Sayaka Murata brilliantly captures the angst of these misfits and also provides an overview of Japanese society, which has been riddled with problems of celibacy and disinterest in having children in recent years. Although, not everyone can empathize with the slightly extreme proclivities that Keiko and Shiraha have, we can certainly identify with their feeling of frustration at being questioned repeatedly over their choices and of desperately trying to keep themselves from being subsumed by the heaving mass of a monochromatic society.

The characterization in this book is highly masterful in that you alternate between sympathy, empathy, disgust and other emotions for both protagonists. This swirl of feelings and the soul of the novel is entirely retained by Ginny Tapley Takemori’s beautiful translation. So effectively that it left me unsettled even as I turned the last page.

Was this review helpful?

I received this book as an advance copy from NetGalley.

This book is about a woman who is potentially a psychopath who finds that she is best able to imitate humanity by aligning her entire life with the convenience store she works in. This could have been a look at Japanese culture, psychopathy, what repetitive jobs do to people but instead it was an afterthought of a book that merely brushes at these topics without actually doing the exploration that books are supposed to do. I gave it 2 stars because it was a quick read and I got through it but I consider this book to be a load of waster potential.

Was this review helpful?

Daily life in Japan has never seemed stranger than in the compelling English-language debut from Sayaka Murata which draws a portrait of alienation in a society that already seems to exist somewhere just over the border from familiarity. The novel exposes the rather shocking life and interior world of Keiko Fukukura, a girl born without social awareness in a place tightly bound by its rules. Thus the child Keiko enters a world of mystifying norms of conduct. When a teacher shows signs of hysteria one day in class, what could possibly be wrong or unhelpful, she wonders, about calming the woman’s mood by pulling down her skirt and knickers? And, after all, it works.

For all Keiko’s confusion, she gradually comes to understand her oddity and responds by withdrawing from involvement with others, managing to complete a solitary education to university level. And then, miraculously, she finds her niche. An impulse decision sees her applying for part-time work in a convenience store, one of those mini-supermarkets ubiquitous in urban Japan, stocked not only with food but a mass of other daily necessities.

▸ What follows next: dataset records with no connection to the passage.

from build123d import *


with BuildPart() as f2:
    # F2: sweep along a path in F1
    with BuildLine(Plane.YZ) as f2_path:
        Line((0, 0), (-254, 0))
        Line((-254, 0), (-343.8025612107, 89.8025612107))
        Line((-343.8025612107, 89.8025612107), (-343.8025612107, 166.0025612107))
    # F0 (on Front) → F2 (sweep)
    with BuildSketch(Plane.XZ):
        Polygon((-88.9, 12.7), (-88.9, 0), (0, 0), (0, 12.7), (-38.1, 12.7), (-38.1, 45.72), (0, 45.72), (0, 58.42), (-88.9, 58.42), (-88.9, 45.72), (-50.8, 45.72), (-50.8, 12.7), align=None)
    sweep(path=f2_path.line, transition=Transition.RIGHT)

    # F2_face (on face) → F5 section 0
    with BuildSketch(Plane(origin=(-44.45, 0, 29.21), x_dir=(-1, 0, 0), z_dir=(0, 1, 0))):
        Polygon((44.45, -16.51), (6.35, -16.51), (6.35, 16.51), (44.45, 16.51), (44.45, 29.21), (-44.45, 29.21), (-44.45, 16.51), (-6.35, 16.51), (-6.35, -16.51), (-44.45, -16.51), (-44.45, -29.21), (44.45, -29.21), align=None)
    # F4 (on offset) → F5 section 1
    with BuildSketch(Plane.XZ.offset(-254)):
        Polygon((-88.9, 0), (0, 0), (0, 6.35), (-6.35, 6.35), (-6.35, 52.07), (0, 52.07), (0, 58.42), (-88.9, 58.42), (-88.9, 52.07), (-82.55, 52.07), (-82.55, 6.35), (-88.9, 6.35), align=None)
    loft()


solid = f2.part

Here, Keiko is drilled in how to greet her customers (‘Irasshaimase! Good morning! accompanied by a compulsory smile), how to stock the shelves with products determined by season, weather and time of day, and how to conduct herself generally. This will be her world for the next eighteen years, ruled by snack food innovations, terms of address, sartorial style, employment conventions, cleanliness standards, and the music of store life – cash registers, customers, footfall.

A model employee, Keiko learns a great deal more from her environment. Observing her peers, she trains herself to mimic the pitch of their voices and emulate their fashion taste, earning approval by buying clothes from the same stores. Functioning well at work, she also holds up the acquaintanceship of a few girlfriends, to whom she lies about her health to explain away her continued lowly work status.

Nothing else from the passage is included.